WATCH Personnel Act of 2026
- Bill Number
- S. 4422
- Origin Chamber
- Senate
- Congress
- 119th Congress, Session 2
- Policy Area
- Transportation and Public Works
- Status
- Introduced
- Latest Action
- 2026-04-28: Read twice and referred to the Committee on Commerce, Science, and Transportation.
- Last Updated
- 2026-05-07T12:26:10Z
AI-Generated Summary
Purpose
This bill provides emergency funding to maintain essential pay and operations for Transportation Security Administration (TSA) personnel during a potential lapse in federal appropriations starting February 14, 2026. It also establishes a higher minimum salary for TSA security screeners (Transportation Security Officers, or TSOs) with future inflation adjustments and offers one-time bonuses.
Key Provisions
- Higher Minimum Pay for TSOs (Section 2):
- Sets the minimum annual salary for TSOs at $40,000 starting in fiscal year 2026 (October 1, 2025–September 30, 2026).

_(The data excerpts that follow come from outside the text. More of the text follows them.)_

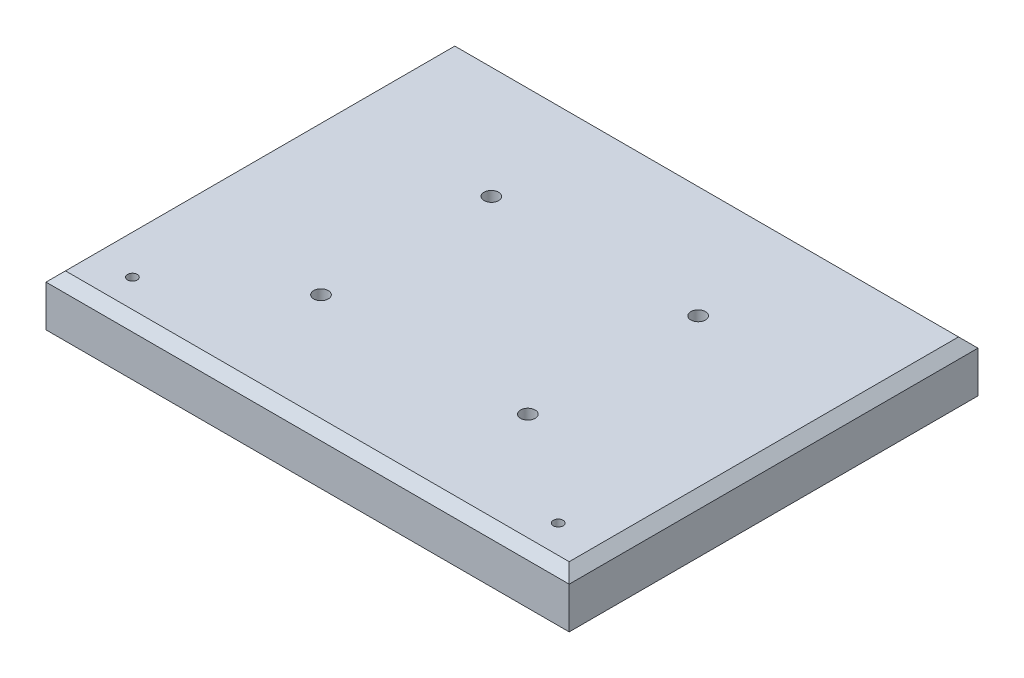
from build123d import *

# Parameters (mm, degrees)
SKETCH1_W           = 215
SKETCH1_H           = 168
SKETCH1_R           = 3
SKETCH1_R_2         = 2
BOSS_EXTRUDE1_DEPTH = 21
CHAMFER1_SIZE       = 4
SKETCH2_R           = 9.5
CUT_EXTRUDE1_DEPTH  = 13
SKETCH4_R           = 5
CUT_EXTRUDE2_DEPTH  = 6.5


with BuildPart() as part:
    # Sketch1 → Boss-Extrude1 (new body)
    with BuildSketch(Plane(origin=(0, 0, 0), x_dir=(1, 0, 0), z_dir=(0, 1, 0))):
        with Locations((107.5, 84)):
            Rectangle(SKETCH1_W, SKETCH1_H)
        with Locations((150, 118)):
            Circle(SKETCH1_R, mode=Mode.SUBTRACT)
        with Locations((65, 118)):
            Circle(SKETCH1_R, mode=Mode.SUBTRACT)
        with Locations((65, 48)):
            Circle(SKETCH1_R, mode=Mode.SUBTRACT)
        with Locations((150, 48)):
            Circle(SKETCH1_R, mode=Mode.SUBTRACT)
        with Locations((20, 15.5)):
            Circle(SKETCH1_R_2, mode=Mode.SUBTRACT)
        with Locations((195, 15.5)):
            Circle(SKETCH1_R_2, mode=Mode.SUBTRACT)
    extrude(amount=BOSS_EXTRUDE1_DEPTH)

    # Chamfer1
    chamfer1_edges = [part.edges().sort_by_distance(p)[0] for p in [
        (215, 21, -84),
        (107.5, 21, -168),
        (0, 21, -84),
        (107.5, 21, 0),
    ]]
    chamfer(chamfer1_edges, length=CHAMFER1_SIZE)

    # Sketch2 → Cut-Extrude1 (cut)
    with BuildSketch(Plane.XZ):
        with Locations((65, -48)):
            Circle(SKETCH2_R)
        with Locations((150, -48)):
            Circle(SKETCH2_R)
        with Locations((65, -118)):
            Circle(SKETCH2_R)
        with Locations((150, -118)):
            Circle(SKETCH2_R)
    extrude(amount=-CUT_EXTRUDE1_DEPTH, mode=Mode.SUBTRACT)

    # Sketch4 → Cut-Extrude2 (cut)
    with BuildSketch(Plane.XZ):
        with Locations((20, -15.5)):
            Circle(SKETCH4_R)
        with Locations((195, -15.5)):
            Circle(SKETCH4_R)
    extrude(amount=-CUT_EXTRUDE2_DEPTH, mode=Mode.SUBTRACT)


solid = part.part
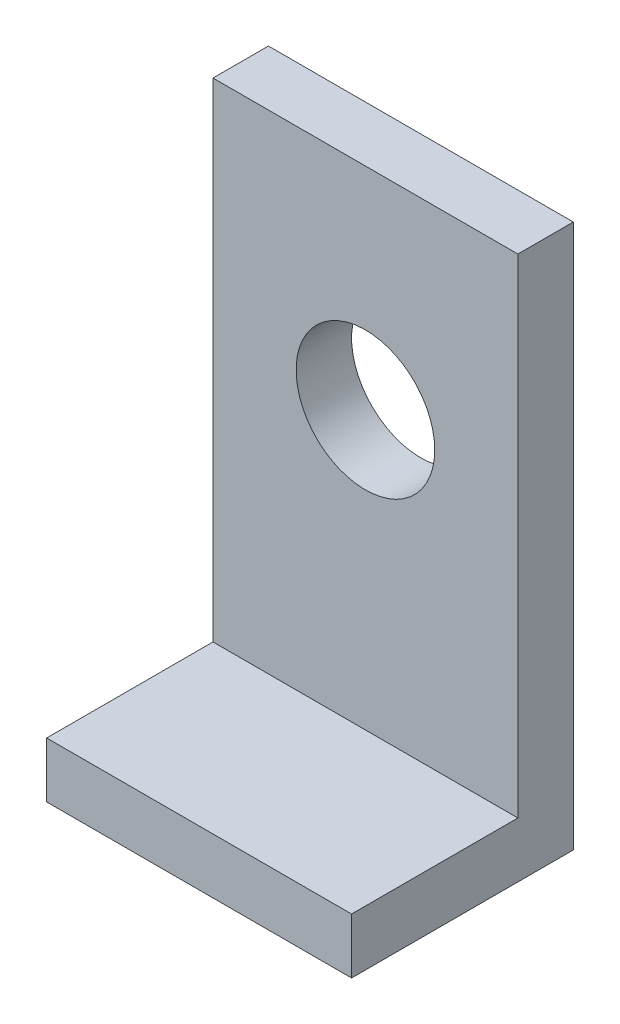
from build123d import *

# Parameters (mm, degrees)
CROQUIS1_R              = 12.5
SALIENTE_EXTRUIR1_DEPTH = 10
CROQUIS2_W              = 55
CROQUIS2_H              = 10
SALIENTE_EXTRUIR2_DEPTH = 30


with BuildPart() as part:
    # Croquis1 → Saliente-Extruir1 (new body)
    with BuildSketch(Plane.XY):
        Polygon((0, 98.1), (27.5, 98.1), (27.5, 0), (-27.5, 0), (-27.5, 98.1), align=None)
        with Locations((0, 60)):
            Circle(CROQUIS1_R, mode=Mode.SUBTRACT)
    extrude(amount=SALIENTE_EXTRUIR1_DEPTH)

    # Croquis2 → Saliente-Extruir2 (add)
    with BuildSketch(Plane.XY.offset(10)):
        with Locations((0, 5)):
            Rectangle(CROQUIS2_W, CROQUIS2_H)
    extrude(amount=SALIENTE_EXTRUIR2_DEPTH)


solid = part.part

- Requires annual adjustments beginning October 1, 2026, based on increases in the Consumer Price Index (CPI), a government measure of inflation for everyday goods and services.
- Adjustments round to the nearest dollar and can ignore increases under 1%.
- Emergency Funding During Shutdown (Section 3):
- Provides funds from the U.S. Treasury for TSO and other TSA employee pay, benefits, and differentials from February 14, 2026, until new appropriations are passed.
- Includes a one-time $10,000 bonus for each TSO working on February 14, 2026 (bonuses do not count as basic pay for retirement or insurance).
- Limits payments to employees affected by the funding lapse; future budgets will reimburse these costs.
- Follows rules from a prior 2025 continuing appropriations law.
- Termination (Section 4): Funding ends upon new appropriations, a budget without TSA funds, or September 30, 2026.
- Retroactive Effect (Section 5): Applies as if enacted on February 13, 2026.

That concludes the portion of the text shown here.